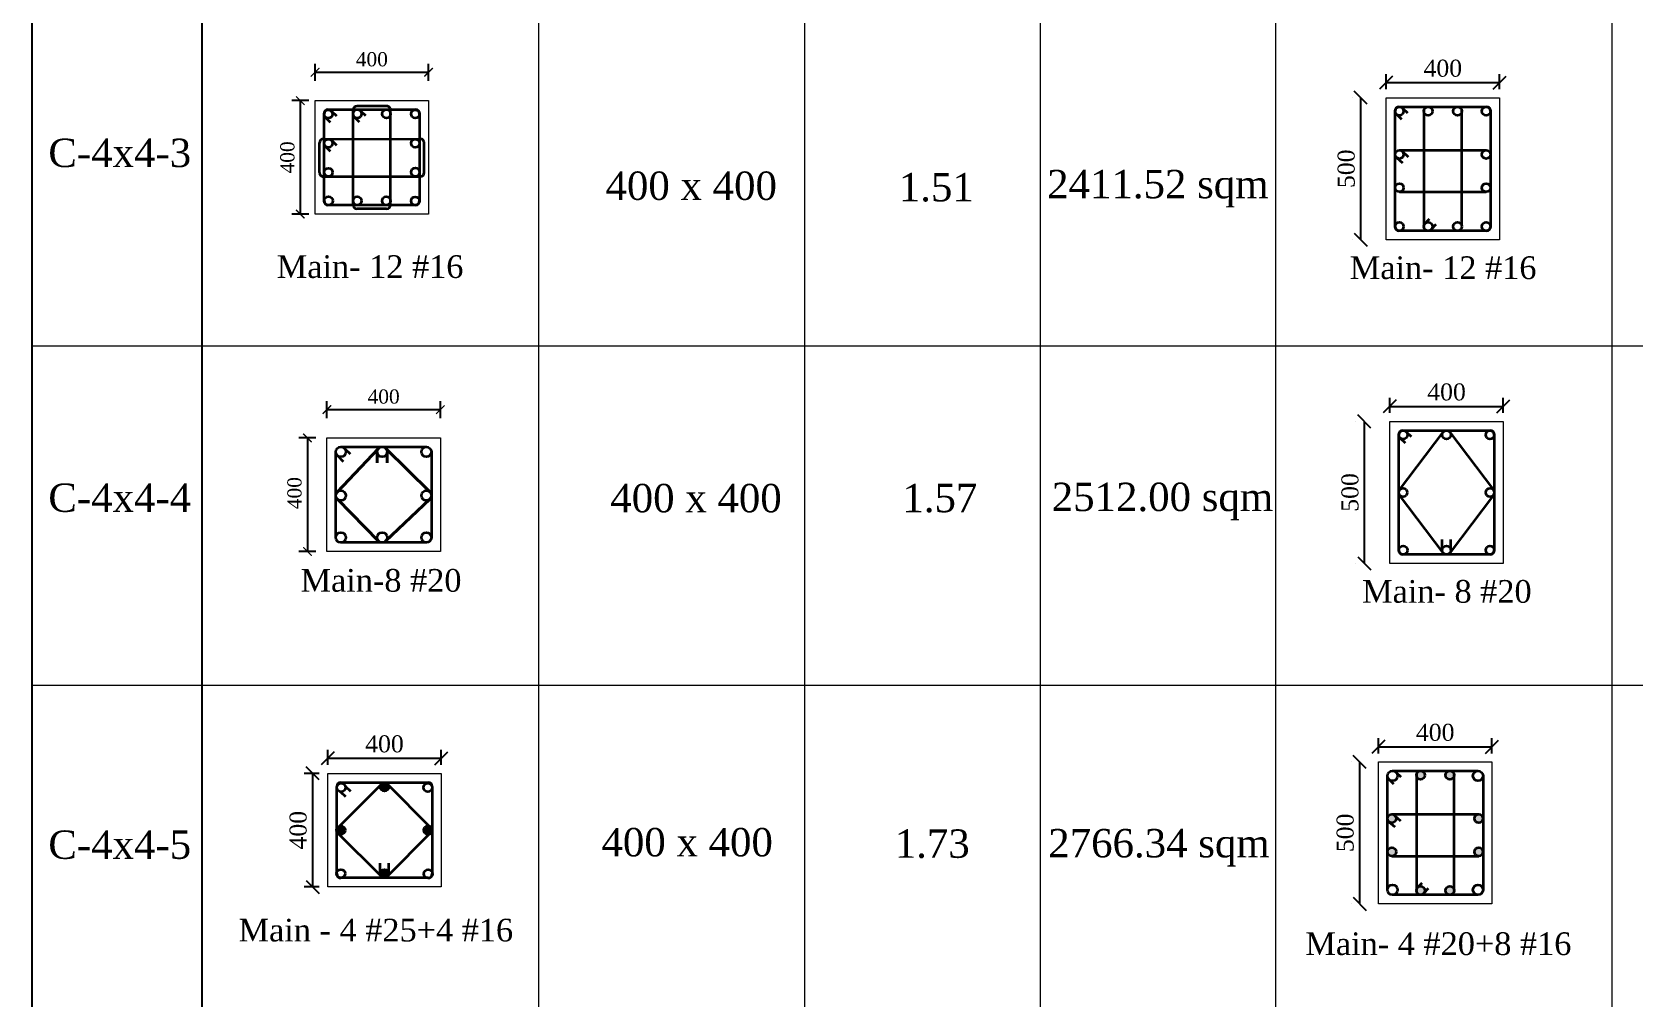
# Model space of a CAD drawing. Header units: millimetres. Extents: x -111267 to 10003021, y -40114 to 2142304.
# Drawn here: x 4297106 to 4325336, y 2110620 to 2127636 of the extents above; entities that cross this region are included whole.
import ezdxf

# ---------------------------------------------------------------- set-up
doc = ezdxf.new("R2010")
doc.units = ezdxf.units.MM
doc.header["$PDMODE"] = 2
doc.linetypes.add('DASHED2', pattern=[0.375, 0.25, -0.125])
doc.layers.add('5a.Hatch-TR-0', color=8, linetype='Continuous')
doc.layers.add('9.Title', color=7, linetype='Continuous')
for name, color, linetype, lineweight in [('object line', 23, 'Continuous', 13), ('reinmt', 241, 'Continuous', 40), ('S-Beam', 4, 'DASHED2', 15), ('S-Dim', 8, 'Continuous', 5)]:
    doc.layers.add(name, color=color, linetype=linetype, lineweight=lineweight)
doc.styles.add('DRIQsmall', font='times.ttf', dxfattribs={"height": 0.2})
doc.styles.add('Section_Scale_250', font='times.ttf', dxfattribs={"height": 250})
doc.styles.add('Times new roman', font='times.ttf', dxfattribs={"height": 300})
doc.dimstyles.new('Scale 20', dxfattribs={"dimscale": 0, "dimtxt": 250, "dimasz": 230, "dimexe": 150, "dimexo": 150, "dimgap": 100, "dimtad": 1, "dimtoh": 1, "dimdec": 0, "dimlfac": 0.2, "dimzin": 0, "dimdsep": 46, "dimtxsty": 'Times new roman', "dimblk": 'OBLIQUE', "dimcen": 0.09, "dimclrd": 256, "dimclrt": 3, "dimadec": 0, "dimazin": 0, "dimtfac": 1, "dimtdec": 0, "dimtofl": 0, "dimtmove": 0, "dimatfit": 3, "dimfxl": 150, "dimfxlon": 1, "dimtolj": 1, "dimtzin": 0, "dimarcsym": 0})
doc.dimstyles.new('Section_Scale 250', dxfattribs={"dimscale": 0, "dimtxt": 250, "dimasz": 150, "dimexe": 150, "dimexo": 150, "dimgap": 100, "dimtad": 1, "dimtoh": 1, "dimdec": 0, "dimlfac": 0.25, "dimzin": 0, "dimdsep": 46, "dimtxsty": 'Section_Scale_250', "dimblk": 'ARCHTICK', "dimcen": 0.09, "dimclrd": 256, "dimclrt": 3, "dimadec": 0, "dimazin": 0, "dimtfac": 1, "dimtdec": 0, "dimtofl": 0, "dimtmove": 0, "dimatfit": 3, "dimfxl": 150, "dimfxlon": 1, "dimtolj": 1, "dimtzin": 0, "dimarcsym": 0})

# ---------------------------------------------------------------- blocks, each defined once
blk = doc.blocks.new('_Oblique')
at = {"color": 0, "linetype": 'ByBlock', "lineweight": -2}
blk.add_line((-0.5, -0.5), (0.5, 0.5), dxfattribs=at)
blk = doc.blocks.new('*D703')
at = {"layer": 'Defpoints', "color": 0, "ltscale": 6, "transparency": 16777216}
for p in [(4322833, 2115044), (4320833, 2114778), (4322833, 2114778)]:
    blk.add_point(p, dxfattribs=at)
at = {"layer": 'S-Dim', "color": 0, "lineweight": -2, "ltscale": 6, "transparency": 16777216}
for p, q in [((4320833, 2114928), (4320833, 2115194)), ((4322833, 2114928), (4322833, 2115194))]:
    blk.add_line(p, q, dxfattribs=at)
at = {"layer": 'S-Dim', "lineweight": -2, "ltscale": 6, "transparency": 16777216}
blk.add_line((4320833, 2115044), (4322833, 2115044), dxfattribs=at)
at = {"layer": 'S-Dim', "lineweight": -2, "ltscale": 6, "transparency": 16777216, "xscale": 230, "yscale": 230, "zscale": 230, "rotation": 180}
blk.add_blockref('_Oblique', (4320833, 2115044), dxfattribs=at)
at = {"layer": 'S-Dim', "lineweight": -2, "ltscale": 6, "transparency": 16777216, "xscale": 230, "yscale": 230, "zscale": 230}
blk.add_blockref('_Oblique', (4322833, 2115044), dxfattribs=at)
at = {"layer": 'S-Dim', "color": 3, "ltscale": 6, "transparency": 16777216, "insert": (4321833, 2115297), "char_height": 300, "attachment_point": 5, "style": 'Times new roman'}
blk.add_mtext('\\A1;400', dxfattribs=at)
blk = doc.blocks.new('*D704')
at = {"layer": 'Defpoints', "color": 0, "ltscale": 6, "transparency": 16777216}
for p in [(4320833, 2114778, 99385), (4320500, 2112278), (4320833, 2112278, 99385)]:
    blk.add_point(p, dxfattribs=at)
at = {"layer": 'S-Dim', "color": 0, "lineweight": -2, "ltscale": 6, "transparency": 16777216}
for p, q in [((4320352, 2114778), (4320350, 2114778)), ((4320352, 2112278), (4320350, 2112278))]:
    blk.add_line(p, q, dxfattribs=at)
at = {"layer": 'S-Dim', "lineweight": -2, "ltscale": 6, "transparency": 16777216}
blk.add_line((4320500, 2114778), (4320500, 2112278), dxfattribs=at)
at = {"layer": 'S-Dim', "lineweight": -2, "ltscale": 6, "transparency": 16777216, "xscale": 230, "yscale": 230, "zscale": 230}
for p, rotation in [((4320500, 2114778), 90), ((4320500, 2112278), 270)]:
    blk.add_blockref('_Oblique', p, dxfattribs=dict(at, rotation=rotation))
at = {"layer": 'S-Dim', "color": 3, "ltscale": 6, "transparency": 16777216, "insert": (4320248, 2113528), "char_height": 300, "attachment_point": 5, "rotation": 90, "style": 'Times new roman'}
blk.add_mtext('\\A1;500', dxfattribs=at)
blk = doc.blocks.new('_ArchTick')
at = {"color": 0, "linetype": 'ByBlock', "const_width": 0.15}
blk.add_lwpolyline([(-0.5, -0.5), (0.5, 0.5)], dxfattribs=at)
blk = doc.blocks.new('*D799')
at = {"layer": 'Defpoints', "color": 0, "ltscale": 6, "transparency": 16777216}
for p in [(4302380, 2120485), (4301960, 2118485), (4302380, 2118485)]:
    blk.add_point(p, dxfattribs=at)
at = {"layer": 'S-Dim', "color": 0, "lineweight": -2, "ltscale": 6, "transparency": 16777216}
for p, q in [((4302110, 2120485), (4301810, 2120485)), ((4302110, 2118485), (4301810, 2118485))]:
    blk.add_line(p, q, dxfattribs=at)
at = {"layer": 'S-Dim', "lineweight": -2, "ltscale": 6, "transparency": 16777216}
blk.add_line((4301960, 2120485), (4301960, 2118485), dxfattribs=at)
at = {"layer": 'S-Dim', "lineweight": -2, "ltscale": 6, "transparency": 16777216, "xscale": 150, "yscale": 150, "zscale": 150}
for p, rotation in [((4301960, 2120485), 90), ((4301960, 2118485), 270)]:
    blk.add_blockref('_ArchTick', p, dxfattribs=dict(at, rotation=rotation))
at = {"layer": 'S-Dim', "color": 3, "ltscale": 6, "transparency": 16777216, "insert": (4301732, 2119513), "char_height": 250, "attachment_point": 5, "rotation": 90, "style": 'Section_Scale_250'}
blk.add_mtext('\\A1;400', dxfattribs=at)
blk = doc.blocks.new('*D800')
at = {"layer": 'Defpoints', "color": 0, "ltscale": 6, "transparency": 16777216}
for p in [(4304302, 2120985), (4302302, 2120407), (4304302, 2120407)]:
    blk.add_point(p, dxfattribs=at)
at = {"layer": 'S-Dim', "color": 0, "lineweight": -2, "ltscale": 6, "transparency": 16777216}
for p, q in [((4302302, 2120835), (4302302, 2121135)), ((4304302, 2120835), (4304302, 2121135))]:
    blk.add_line(p, q, dxfattribs=at)
at = {"layer": 'S-Dim', "lineweight": -2, "ltscale": 6, "transparency": 16777216}
blk.add_line((4302302, 2120985), (4304302, 2120985), dxfattribs=at)
at = {"layer": 'S-Dim', "lineweight": -2, "ltscale": 6, "transparency": 16777216, "xscale": 150, "yscale": 150, "zscale": 150, "rotation": 180}
blk.add_blockref('_ArchTick', (4302302, 2120985), dxfattribs=at)
at = {"layer": 'S-Dim', "lineweight": -2, "ltscale": 6, "transparency": 16777216, "xscale": 150, "yscale": 150, "zscale": 150}
blk.add_blockref('_ArchTick', (4304302, 2120985), dxfattribs=at)
at = {"layer": 'S-Dim', "color": 3, "ltscale": 6, "transparency": 16777216, "insert": (4303302, 2121213), "char_height": 250, "attachment_point": 5, "style": 'Section_Scale_250'}
blk.add_mtext('\\A1;400', dxfattribs=at)
blk = doc.blocks.new('*D835')
at = {"layer": 'Defpoints', "color": 0, "ltscale": 6, "transparency": 16777216}
for p in [(4322967, 2126745), (4320967, 2126478), (4322967, 2126478)]:
    blk.add_point(p, dxfattribs=at)
at = {"layer": 'S-Dim', "color": 0, "lineweight": -2, "ltscale": 6, "transparency": 16777216}
for p, q in [((4320967, 2126628), (4320967, 2126895)), ((4322967, 2126628), (4322967, 2126895))]:
    blk.add_line(p, q, dxfattribs=at)
at = {"layer": 'S-Dim', "lineweight": -2, "ltscale": 6, "transparency": 16777216}
blk.add_line((4320967, 2126745), (4322967, 2126745), dxfattribs=at)
at = {"layer": 'S-Dim', "lineweight": -2, "ltscale": 6, "transparency": 16777216, "xscale": 230, "yscale": 230, "zscale": 230, "rotation": 180}
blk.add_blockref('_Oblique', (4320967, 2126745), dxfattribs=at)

════════

Pictures are to be dropped; the lines from the start of the entries above through the line with "import ezdxf" are to be given again verbatim.

| Reply to the exercise |
# Model space of a CAD drawing. Header units: millimetres. Extents: x -111267 to 10003021, y -40114 to 2142304.
# Drawn here: x 4297106 to 4325336, y 2110620 to 2127636 of the extents above; entities that cross this region are included whole.
import ezdxf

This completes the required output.